Take a look at the client data that the browser sends to the U2F device when
it's trying to authenticate. It's primarily a random challenge and the host name
of the site that is requesting the login (so the host name that the user sees in
the address bar). These values are also known by the server.

The U2F device signs the hash of this data, and send that signature back to the
server through the browser. The server checks that signature against the public
key it has on file for the U2F device in question, and that the hash that the
device signed matches the hash of the data the server expects to be in the
"client info". If both of those are true, the service authenticates the user.
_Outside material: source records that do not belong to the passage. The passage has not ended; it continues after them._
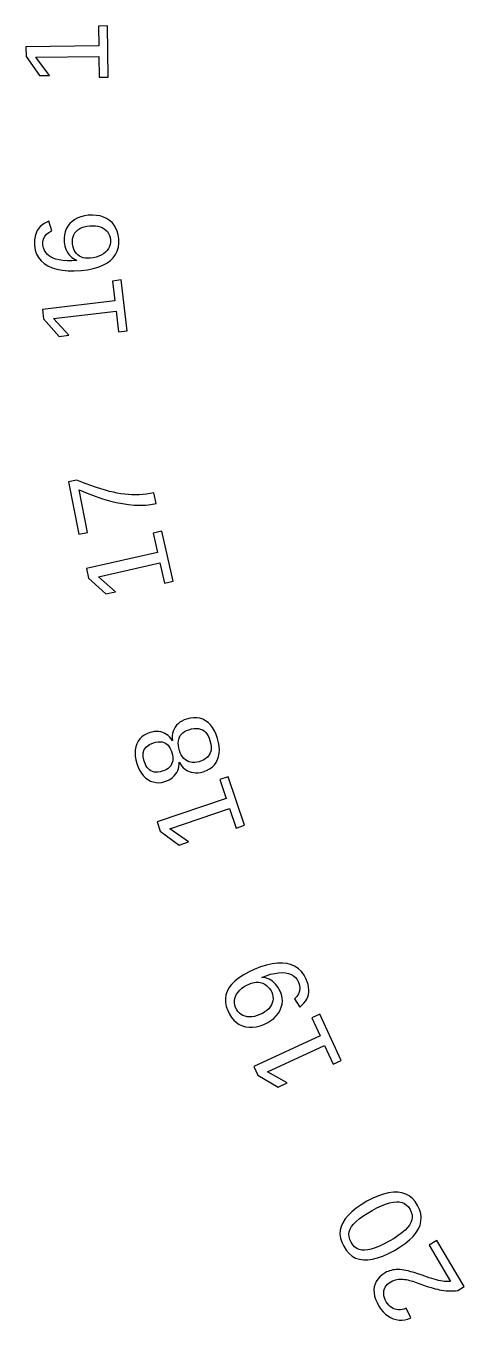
# Model space of a CAD drawing. Header units: metres. Extents: x -118 to 118, y -118 to 118.
# Drawn here: x -118 to -97.4, y -61 to -0.3 of the extents above; entities that cross this region are included whole.
import ezdxf

# ---------------------------------------------------------------- set-up
doc = ezdxf.new("R2010")
doc.units = ezdxf.units.M

msp = doc.modelspace()

# ---------------------------------------------------------------- linework, layer by layer
for p, q in [((-114.132, -0.27242), (-114.548, -0.27815)), ((-114.548, -0.27815), (-114.535, -1.21106)), ((-114.099, -2.67317), (-114.132, -0.27242)), ((-114.535, -1.21106), (-117.959, -1.25829)), ((-117.959, -1.25829), (-117.953, -1.70923)), ((-117.953, -1.70923), (-117.314, -2.60551)), ((-117.484, -1.74377), (-114.528, -1.703)), ((-116.852, -2.59914), (-117.484, -1.74377)), ((-114.528, -1.703), (-114.515, -2.67891)), ((-117.314, -2.60551), (-116.852, -2.59914)), ((-114.515, -2.67891), (-114.099, -2.67317)), ((-117.286, -9.69798), (-117.422, -9.8741)), ((-117.103, -9.55313), (-117.286, -9.69798)), ((-116.874, -9.43948), (-117.103, -9.55313)), ((-116.748, -9.89793), (-116.874, -9.43948)), ((-115.989, -9.67278), (-116.061, -9.80066)), ((-115.896, -9.55522), (-115.989, -9.67278)), ((-115.787, -9.45047), (-115.896, -9.55522)), ((-115.664, -9.36163), (-115.787, -9.45047)), ((-115.526, -9.28876), (-115.664, -9.36163)), ((-115.374, -9.2318), (-115.526, -9.28876)), ((-115.208, -9.19078), (-115.374, -9.2318)), ((-115.327, -9.74358), (-115.216, -9.70543)), ((-115.216, -9.70543), (-115.093, -9.67741)), ((-115.027, -9.16568), (-115.208, -9.19078)), ((-115.093, -9.67741), (-114.959, -9.65953)), ((-114.829, -9.15678), (-115.027, -9.16568)), ((-114.959, -9.65953), (-114.823, -9.65271)), ((-114.645, -9.1673), (-114.829, -9.15678)), ((-114.823, -9.65271), (-114.697, -9.65782)), ((-114.697, -9.65782), (-114.579, -9.67484)), ((-114.473, -9.19722), (-114.645, -9.1673)), ((-114.579, -9.67484), (-114.47, -9.70378)), ((-114.313, -9.24654), (-114.473, -9.19722)), ((-114.47, -9.70378), (-114.37, -9.74464)), ((-114.166, -9.31523), (-114.313, -9.24654)), ((-114.032, -9.40334), (-114.166, -9.31523)), ((-113.914, -9.50859), (-114.032, -9.40334)), ((-113.814, -9.62935), (-113.914, -9.50859)), ((-113.733, -9.76562), (-113.814, -9.62935)), ((-117.512, -10.0815), (-117.556, -10.3201)), ((-117.556, -10.3201), (-117.553, -10.5899)), ((-117.422, -9.8741), (-117.512, -10.0815)), ((-117.158, -10.4094), (-117.131, -10.2743)), ((-117.131, -10.2743), (-117.076, -10.1556)), ((-117.076, -10.1556), (-116.994, -10.0533)), ((-116.994, -10.0533), (-116.885, -9.96742)), ((-116.885, -9.96742), (-116.748, -9.89793)), ((-116.148, -10.0874), (-116.161, -10.2462)), ((-116.161, -10.2462), (-116.155, -10.4153)), ((-116.114, -9.93884), (-116.148, -10.0874)), ((-116.061, -9.80066), (-116.114, -9.93884)), ((-115.772, -10.3828), (-115.763, -10.2747)), ((-115.763, -10.2747), (-115.74, -10.1743)), ((-115.74, -10.1743), (-115.703, -10.0815)), ((-115.703, -10.0815), (-115.653, -9.9964)), ((-115.653, -9.9964), (-115.59, -9.9189)), ((-115.59, -9.9189), (-115.514, -9.85033)), ((-115.514, -9.85033), (-115.426, -9.79189)), ((-115.426, -9.79189), (-115.327, -9.74358)), ((-114.37, -9.74464), (-114.279, -9.79742)), ((-114.279, -9.79742), (-114.199, -9.86061)), ((-114.199, -9.86061), (-114.132, -9.93338)), ((-114.132, -9.93338), (-114.077, -10.0157)), ((-114.077, -10.0157), (-114.035, -10.1076)), ((-114.035, -10.1076), (-114.006, -10.2091)), ((-114.006, -10.2091), (-113.989, -10.3202)), ((-113.989, -10.3202), (-113.987, -10.4297)), ((-113.669, -9.9174), (-113.733, -9.76562)), ((-113.625, -10.0847), (-113.669, -9.9174)), ((-113.598, -10.2675), (-113.625, -10.0847)), ((-113.593, -10.4734), (-113.598, -10.2675)), ((-117.553, -10.5899), (-117.519, -10.7971)), ((-117.519, -10.7971), (-117.457, -10.985)), ((-117.157, -10.5609), (-117.158, -10.4094)), ((-117.134, -10.6918), (-117.157, -10.5609)), ((-117.091, -10.8105), (-117.134, -10.6918)), ((-117.027, -10.917), (-117.091, -10.8105)), ((-116.942, -11.0112), (-117.027, -10.917)), ((-116.155, -10.4153), (-116.142, -10.5159)), ((-116.142, -10.5159), (-116.123, -10.612)), ((-116.123, -10.612), (-116.096, -10.7036)), ((-116.096, -10.7036), (-116.063, -10.7907)), ((-116.063, -10.7907), (-116.023, -10.8733)), ((-116.023, -10.8733), (-115.977, -10.9513)), ((-115.768, -10.4985), (-115.772, -10.3828)), ((-115.752, -10.6066), (-115.768, -10.4985)), ((-115.726, -10.7064), (-115.752, -10.6066)), ((-115.69, -10.7981), (-115.726, -10.7064)), ((-115.642, -10.8815), (-115.69, -10.7981)), ((-115.585, -10.9568), (-115.642, -10.8815)), ((-114.224, -10.8979), (-114.318, -10.9728)), ((-114.144, -10.8149), (-114.224, -10.8979)), ((-114.08, -10.7265), (-114.144, -10.8149)), ((-114.032, -10.6329), (-114.08, -10.7265)), ((-114.001, -10.534), (-114.032, -10.6329)), ((-113.987, -10.4297), (-114.001, -10.534)), ((-113.747, -11.0058), (-113.667, -10.8426)), ((-113.667, -10.8426), (-113.616, -10.6652)), ((-113.616, -10.6652), (-113.593, -10.4734)), ((-117.457, -10.985), (-117.367, -11.1536)), ((-117.367, -11.1536), (-117.248, -11.303)), ((-117.248, -11.303), (-117.102, -11.4331)), ((-117.102, -11.4331), (-116.927, -11.544)), ((-116.837, -11.0931), (-116.942, -11.0112)), ((-116.927, -11.544), (-116.726, -11.634)), ((-116.711, -11.1628), (-116.837, -11.0931)), ((-116.565, -11.2192), (-116.711, -11.1628)), ((-116.402, -11.2613), (-116.565, -11.2192)), ((-116.221, -11.2891), (-116.402, -11.2613)), ((-116.021, -11.3026), (-116.221, -11.2891)), ((-115.803, -11.3017), (-116.021, -11.3026)), ((-115.977, -10.9513), (-115.924, -11.0235)), ((-115.924, -11.0235), (-115.865, -11.0891)), ((-115.865, -11.0891), (-115.799, -11.1482)), ((-115.568, -11.2865), (-115.803, -11.3017)), ((-115.799, -11.1482), (-115.728, -11.2009)), ((-115.728, -11.2009), (-115.651, -11.2469)), ((-115.651, -11.2469), (-115.568, -11.2865)), ((-115.516, -11.0238), (-115.585, -10.9568)), ((-115.439, -11.0805), (-115.516, -11.0238)), ((-115.354, -11.125), (-115.439, -11.0805)), ((-115.262, -11.1572), (-115.354, -11.125)), ((-115.162, -11.1771), (-115.262, -11.1572)), ((-115.054, -11.1847), (-115.162, -11.1771)), ((-114.94, -11.1801), (-115.054, -11.1847)), ((-114.795, -11.1609), (-114.94, -11.1801)), ((-114.661, -11.1306), (-114.795, -11.1609)), ((-114.537, -11.0891), (-114.661, -11.1306)), ((-114.56, -11.5973), (-114.344, -11.5113)), ((-114.423, -11.0365), (-114.537, -11.0891)), ((-114.318, -10.9728), (-114.423, -11.0365)), ((-114.344, -11.5113), (-114.155, -11.4086)), ((-114.155, -11.4086), (-113.991, -11.2894)), ((-113.991, -11.2894), (-113.855, -11.1547)), ((-113.855, -11.1547), (-113.747, -11.0058)), ((-116.726, -11.634), (-116.502, -11.7022)), ((-116.502, -11.7022), (-116.253, -11.7484)), ((-116.253, -11.7484), (-115.981, -11.7728)), ((-115.981, -11.7728), (-115.684, -11.7753)), ((-115.684, -11.7753), (-115.364, -11.756)), ((-115.364, -11.756), (-115.07, -11.7197)), ((-115.07, -11.7197), (-114.802, -11.6668)), ((-114.802, -11.6668), (-114.56, -11.5973)), ((-113.478, -12.201), (-113.891, -12.2502)), ((-113.891, -12.2502), (-113.781, -13.1766)), ((-113.195, -14.5851), (-113.478, -12.201)), ((-113.781, -13.1766), (-117.181, -13.5815)), ((-117.181, -13.5815), (-117.128, -14.0293)), ((-116.658, -14.0147), (-113.723, -13.6652)), ((-113.723, -13.6652), (-113.608, -14.6343)), ((-117.128, -14.0293), (-116.399, -14.8539)), ((-115.94, -14.7993), (-116.658, -14.0147)), ((-116.399, -14.8539), (-115.94, -14.7993)), ((-113.608, -14.6343), (-113.195, -14.5851)), ((-115.574, -21.598), (-115.964, -21.6751)), ((-115.964, -21.6751), (-115.476, -24.1382)), ((-115.255, -21.7224), (-115.574, -21.598)), ((-114.96, -21.8325), (-115.255, -21.7224)), ((-114.691, -21.9282), (-114.96, -21.8325)), ((-115.067, -24.0573), (-115.464, -22.0582)), ((-115.464, -22.0582), (-115.079, -22.2154)), ((-115.079, -22.2154), (-114.713, -22.3527)), ((-114.713, -22.3527), (-114.364, -22.4701)), ((-114.446, -22.0096), (-114.691, -21.9282)), ((-114.226, -22.0766), (-114.446, -22.0096)), ((-114.364, -22.4701), (-114.033, -22.5677)), ((-114.032, -22.1292), (-114.226, -22.0766)), ((-113.851, -22.1712), (-114.032, -22.1292)), ((-113.672, -22.2068), (-113.851, -22.1712)), ((-113.495, -22.2361), (-113.672, -22.2068)), ((-113.32, -22.2591), (-113.495, -22.2361)), ((-113.147, -22.2757), (-113.32, -22.2591)), ((-112.976, -22.286), (-113.147, -22.2757)), ((-112.806, -22.2893), (-112.976, -22.286)), ((-112.635, -22.2858), (-112.806, -22.2893)), ((-112.463, -22.2753), (-112.635, -22.2858)), ((-112.291, -22.258), (-112.463, -22.2753)), ((-112.118, -22.2339), (-112.291, -22.258)), ((-111.944, -22.2028), (-112.118, -22.2339)), ((-111.845, -22.7041), (-111.944, -22.2028)), ((-114.033, -22.5677), (-113.72, -22.6454)), ((-113.72, -22.6454), (-113.425, -22.7033)), ((-113.425, -22.7033), (-113.143, -22.7433)), ((-113.143, -22.7433), (-112.868, -22.7673)), ((-112.868, -22.7673), (-112.601, -22.7754)), ((-112.601, -22.7754), (-112.342, -22.7676)), ((-112.342, -22.7676), (-112.09, -22.7438)), ((-112.09, -22.7438), (-111.845, -22.7041)), ((-115.476, -24.1382), (-115.067, -24.0573)), ((-111.581, -23.9959), (-111.987, -24.088)), ((-111.987, -24.088), (-111.781, -24.9978)), ((-111.05, -26.3373), (-111.581, -23.9959)), ((-111.781, -24.9978), (-115.12, -25.7558)), ((-114.554, -26.132), (-111.672, -25.4776)), ((-111.672, -25.4776), (-111.456, -26.4294)), ((-115.12, -25.7558), (-115.02, -26.1956)), ((-115.02, -26.1956), (-114.209, -26.9396)), ((-113.758, -26.8373), (-114.554, -26.132)), ((-111.456, -26.4294), (-111.05, -26.3373)), ((-114.209, -26.9396), (-113.758, -26.8373)), ((-110.246, -32.7755), (-110.411, -32.8167)), ((-110.089, -32.756), (-110.246, -32.7755)), ((-109.938, -32.7579), (-110.089, -32.756)), ((-109.794, -32.7816), (-109.938, -32.7579)), ((-109.657, -32.8267), (-109.794, -32.7816)), ((-111.934, -33.4079), (-112.038, -33.4245)), ((-111.831, -33.4023), (-111.934, -33.4079)), ((-111.729, -33.4077), (-111.831, -33.4023)), ((-111.629, -33.4241), (-111.729, -33.4077)), ((-111.042, -33.3844), (-111.069, -33.487)), ((-111.001, -33.2872), (-111.042, -33.3844)), ((-110.948, -33.1955), (-111.001, -33.2872)), ((-110.883, -33.1106), (-110.948, -33.1955)), ((-110.809, -33.0344), (-110.883, -33.1106)), ((-110.724, -32.9669), (-110.809, -33.0344)), ((-110.63, -32.9081), (-110.724, -32.9669)), ((-110.525, -32.8581), (-110.63, -32.9081)), ((-110.584, -33.458), (-110.504, -33.4026)), ((-110.411, -32.8167), (-110.525, -32.8581)), ((-110.504, -33.4026), (-110.41, -33.3555)), ((-110.41, -33.3555), (-110.304, -33.3165)), ((-110.304, -33.3165), (-110.176, -33.2826)), ((-110.176, -33.2826), (-110.057, -33.2626)), ((-110.057, -33.2626), (-109.947, -33.2565)), ((-109.947, -33.2565), (-109.846, -33.2643)), ((-109.846, -33.2643), (-109.753, -33.2861)), ((-109.753, -33.2861), (-109.669, -33.3219)), ((-109.669, -33.3219), (-109.593, -33.3715)), ((-109.527, -32.8935), (-109.657, -32.8267)), ((-109.593, -33.3715), (-109.524, -33.4349)), ((-109.405, -32.981), (-109.527, -32.8935)), ((-109.295, -33.0889), (-109.405, -32.981)), ((-109.195, -33.2171), (-109.295, -33.0889)), ((-109.107, -33.3656), (-109.195, -33.2171)), ((-109.029, -33.5344), (-109.107, -33.3656)), ((-112.751, -33.9803), (-112.797, -34.1146)), ((-112.689, -33.857), (-112.751, -33.9803)), ((-112.611, -33.7479), (-112.689, -33.857)), ((-112.518, -33.6528), (-112.611, -33.7479)), ((-112.409, -33.5718), (-112.518, -33.6528)), ((-112.284, -33.5049), (-112.409, -33.5718)), ((-112.302, -34.1155), (-112.159, -34.01)), ((-112.144, -33.4521), (-112.284, -33.5049)), ((-112.159, -34.01), (-111.97, -33.9309)), ((-112.038, -33.4245), (-112.144, -33.4521)), ((-111.97, -33.9309), (-111.857, -33.9011)), ((-111.857, -33.9011), (-111.752, -33.8842)), ((-111.752, -33.8842), (-111.655, -33.8801)), ((-111.655, -33.8801), (-111.565, -33.8888)), ((-111.531, -33.4516), (-111.629, -33.4241)), ((-111.565, -33.8888), (-111.484, -33.9104)), ((-111.438, -33.4897), (-111.531, -33.4516)), ((-111.484, -33.9104), (-111.41, -33.9448)), ((-111.352, -33.5378), (-111.438, -33.4897)), ((-111.41, -33.9448), (-111.343, -33.9909)), ((-111.274, -33.596), (-111.352, -33.5378)), ((-111.343, -33.9909), (-111.282, -34.0484)), ((-111.204, -33.6643), (-111.274, -33.596)), ((-111.141, -33.7426), (-111.204, -33.6643)), ((-111.086, -33.8309), (-111.141, -33.7426)), ((-111.084, -33.5951), (-111.086, -33.7086)), ((-111.086, -33.7086), (-111.075, -33.8276)), ((-111.075, -33.8276), (-111.086, -33.8309)), ((-111.069, -33.487), (-111.084, -33.5951)), ((-110.804, -33.9536), (-110.799, -33.8542)), ((-110.798, -34.059), (-110.804, -33.9536)), ((-110.799, -33.8542), (-110.781, -33.7608)), ((-110.781, -33.7608), (-110.75, -33.6736)), ((-110.75, -33.6736), (-110.708, -33.5935)), ((-110.708, -33.5935), (-110.652, -33.5217)), ((-110.652, -33.5217), (-110.584, -33.458)), ((-109.524, -33.4349), (-109.461, -33.5121)), ((-109.461, -33.5121), (-109.405, -33.6031)), ((-109.405, -33.6031), (-109.356, -33.7078)), ((-109.356, -33.7078), (-109.314, -33.8264)), ((-109.314, -33.8264), (-109.263, -34.0654)), ((-108.962, -33.7236), (-109.029, -33.5344)), ((-108.911, -33.9128), (-108.962, -33.7236)), ((-108.881, -34.0927), (-108.911, -33.9128)), ((-112.824, -34.257), (-112.833, -34.4075)), ((-112.833, -34.4075), (-112.823, -34.566)), ((-112.797, -34.1146), (-112.824, -34.257)), ((-112.823, -34.566), (-112.795, -34.7325)), ((-112.447, -34.5897), (-112.446, -34.4053)), ((-112.401, -34.8004), (-112.447, -34.5897)), ((-112.446, -34.4053), (-112.397, -34.2472)), ((-112.397, -34.2472), (-112.302, -34.1155)), ((-111.282, -34.0484), (-111.228, -34.1171)), ((-111.228, -34.1171), (-111.179, -34.1971)), ((-111.179, -34.1971), (-111.136, -34.2885)), ((-111.136, -34.2885), (-111.1, -34.3911)), ((-111.1, -34.3911), (-111.073, -34.4955)), ((-111.073, -34.4955), (-111.057, -34.5948)), ((-111.057, -34.5948), (-111.054, -34.6889)), ((-110.779, -34.1706), (-110.798, -34.059)), ((-110.748, -34.2882), (-110.779, -34.1706)), ((-110.708, -34.3992), (-110.748, -34.2882)), ((-110.66, -34.4986), (-110.708, -34.3992)), ((-110.605, -34.5863), (-110.66, -34.4986)), ((-110.542, -34.6623), (-110.605, -34.5863)), ((-109.437, -34.6062), (-109.605, -34.7276)), ((-109.324, -34.4554), (-109.437, -34.6062)), ((-109.266, -34.2751), (-109.324, -34.4554)), ((-109.263, -34.0654), (-109.266, -34.2751)), ((-108.956, -34.7194), (-108.907, -34.5767)), ((-108.907, -34.5767), (-108.879, -34.4247)), ((-108.87, -34.2634), (-108.881, -34.0927)), ((-108.879, -34.4247), (-108.87, -34.2634)), ((-112.795, -34.7325), (-112.749, -34.9071)), ((-112.749, -34.9071), (-112.689, -35.0734)), ((-112.689, -35.0734), (-112.619, -35.2233)), ((-112.619, -35.2233), (-112.537, -35.3567)), ((-112.364, -34.903), (-112.401, -34.8004)), ((-112.321, -34.9943), (-112.364, -34.903)), ((-112.272, -35.0742), (-112.321, -34.9943)), ((-112.217, -35.1429), (-112.272, -35.0742)), ((-112.155, -35.2003), (-112.217, -35.1429)), ((-112.087, -35.2464), (-112.155, -35.2003)), ((-111.454, -35.2312), (-111.556, -35.2682)), ((-111.363, -35.1872), (-111.454, -35.2312)), ((-111.284, -35.1361), (-111.363, -35.1872)), ((-111.216, -35.078), (-111.284, -35.1361)), ((-111.16, -35.0127), (-111.216, -35.078)), ((-111.116, -34.9404), (-111.16, -35.0127)), ((-111.083, -34.8617), (-111.116, -34.9404)), ((-111.063, -34.7779), (-111.083, -34.8617)), ((-111.054, -34.6889), (-111.063, -34.7779)), ((-110.874, -35.3266), (-110.83, -35.2386)), ((-110.83, -35.2386), (-110.796, -35.1466)), ((-110.796, -35.1466), (-110.775, -35.0506)), ((-110.775, -35.0506), (-110.764, -34.9505)), ((-110.765, -34.8464), (-110.755, -34.8432)), ((-110.764, -34.9505), (-110.765, -34.8464)), ((-110.755, -34.8432), (-110.7, -34.9388)), ((-110.7, -34.9388), (-110.637, -35.0247)), ((-110.637, -35.0247), (-110.566, -35.1011)), ((-110.566, -35.1011), (-110.486, -35.1679)), ((-110.471, -34.7267), (-110.542, -34.6623)), ((-110.486, -35.1679), (-110.397, -35.2251)), ((-110.393, -34.7794), (-110.471, -34.7267)), ((-110.397, -35.2251), (-110.299, -35.2726)), ((-110.31, -34.8194), (-110.393, -34.7794)), ((-110.222, -34.8461), (-110.31, -34.8194)), ((-110.13, -34.8595), (-110.222, -34.8461)), ((-110.033, -34.8595), (-110.13, -34.8595)), ((-109.932, -34.8463), (-110.033, -34.8595)), ((-109.827, -34.8197), (-109.932, -34.8463)), ((-109.605, -34.7276), (-109.827, -34.8197)), ((-109.638, -35.2909), (-109.478, -35.2313)), ((-109.478, -35.2313), (-109.337, -35.1574)), ((-109.337, -35.1574), (-109.213, -35.0693)), ((-109.213, -35.0693), (-109.109, -34.9669)), ((-109.109, -34.9669), (-109.023, -34.8503)), ((-109.023, -34.8503), (-108.956, -34.7194)), ((-112.537, -35.3567), (-112.444, -35.4738)), ((-112.444, -35.4738), (-112.34, -35.5745)), ((-112.34, -35.5745), (-112.225, -35.6588)), ((-112.225, -35.6588), (-112.103, -35.7249)), ((-112.103, -35.7249), (-111.977, -35.771)), ((-112.013, -35.2804), (-112.087, -35.2464)), ((-111.933, -35.3023), (-112.013, -35.2804)), ((-111.977, -35.771), (-111.848, -35.7971)), ((-111.848, -35.312), (-111.933, -35.3023)), ((-111.756, -35.3096), (-111.848, -35.312)), ((-111.848, -35.7971), (-111.715, -35.8031)), ((-111.659, -35.295), (-111.756, -35.3096)), ((-111.715, -35.8031), (-111.578, -35.7891)), ((-111.556, -35.2682), (-111.659, -35.295)), ((-111.578, -35.7891), (-111.437, -35.755)), ((-111.437, -35.755), (-111.334, -35.7178)), ((-111.334, -35.7178), (-111.238, -35.6725)), ((-111.238, -35.6725), (-111.15, -35.6192)), ((-111.15, -35.6192), (-111.07, -35.5578)), ((-111.07, -35.5578), (-110.996, -35.4883)), ((-110.996, -35.4883), (-110.931, -35.4106)), ((-110.931, -35.4106), (-110.874, -35.3266)), ((-110.299, -35.2726), (-110.196, -35.3088)), ((-110.196, -35.3088), (-110.09, -35.3317)), ((-110.09, -35.3317), (-109.981, -35.3414)), ((-109.981, -35.3414), (-109.87, -35.3378)), ((-109.87, -35.3378), (-109.755, -35.321)), ((-109.755, -35.321), (-109.638, -35.2909)), ((-108.462, -35.5278), (-108.856, -35.6618)), ((-108.856, -35.6618), (-108.555, -36.5451)), ((-107.689, -37.8009), (-108.462, -35.5278)), ((-108.555, -36.5451), (-111.797, -37.648)), ((-111.195, -37.963), (-108.397, -37.0109)), ((-108.397, -37.0109), (-108.082, -37.9349)), ((-111.797, -37.648), (-111.651, -38.075)), ((-111.651, -38.075), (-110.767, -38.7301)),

So how would an attacker compromise this scheme? Well, imagine a case where the
attacker controls everything between the browser and the server, and is trying
to authenticate as the user. The first thing the attacker might try to do is to
re-use a signed hash the client has sent in the past in order to authenticate
themselves later. The attack would go something like this:

Observe that the user in the past sent the signed statement S to bank.com to
authenticate.  Visit bank.com ourselves and log in as the user.  When we're
prompted for the U2F response, just re-send S.  This attack won't work because
of the random challenge (often referred to as a "nonce" after "nonce words" in
linguistics). It is a one-off byte-string that the service includes along with
various other client data to authenticate a client, and that changes with every
authentication attempt. Since this value is included when computing the hash,
the hash that the U2F device has to sign will vary every time. Therefore the
server will not accept S when the attacker tries to sign in, since a different
challenge was issued, and thus the hash in S does not match the hash the server
computes.

What else might the attacker do? Well, they might set up a website that looks
exactly like bank.com somewhere like bank.secure.com that an unsuspecting user
might be confused by. They then trick the user into visiting that site and
entering their login credentials. When the user has sent their username and
password, the attacker stores those values and forwards them to the real
bank.com. bank.com then issues a challenge C that the attacker wants the user's
U2F device to sign.

Let's imagine what happens if the attacker just directly forwards C to the
user's browser. The browser will see that the origin in C (bank.com) doesn't
match the hostname in the current URL (bank.secure.com), and will alert the user
that something phishy is happening. So that doesn't work.

What if the attacker modifies C's origin field to say bank.secure.com (call this
new challenge C')? The user's browser will now forward C' to the device, which
will then sign the hash of C'. The browser then returns that signature to the
attacker, who then tries to send it on to bank.com in the hopes of logging in as
the user. bank.com receives the response, and sees that the signature verifies
correctly, but then it also checks that the hash the U2F device signed matches
the hash over the C that it sent out. It doesn't! hash(C) != hash(C'). And so
the service doesn't let the login attempt proceed.

So, that's how U2F protects against MITM and phishing attacks.

The one thing to be aware of here is that this protection relies on the browser
knowing what hostname it is connected to! If the attacker can somehow manage to
make the browser think that it's talking to bank.com when it's really talking to
the attacker's server, you might worry that this breaks the protection! However,
U2F actually protects even against an adversary that can impersonate the server
in a TLS connection. To understand why, we need to look at the third (optional)
field of the client info: the "ChannelID TLS extension value". This value is
basically the public key the server is using for the session it believes is to
the client. If there was a MITM, they would have to establish a new session with
a different key, and so the hash the device signs still wouldn't match what the
server expects, and the authentication attempt would fail!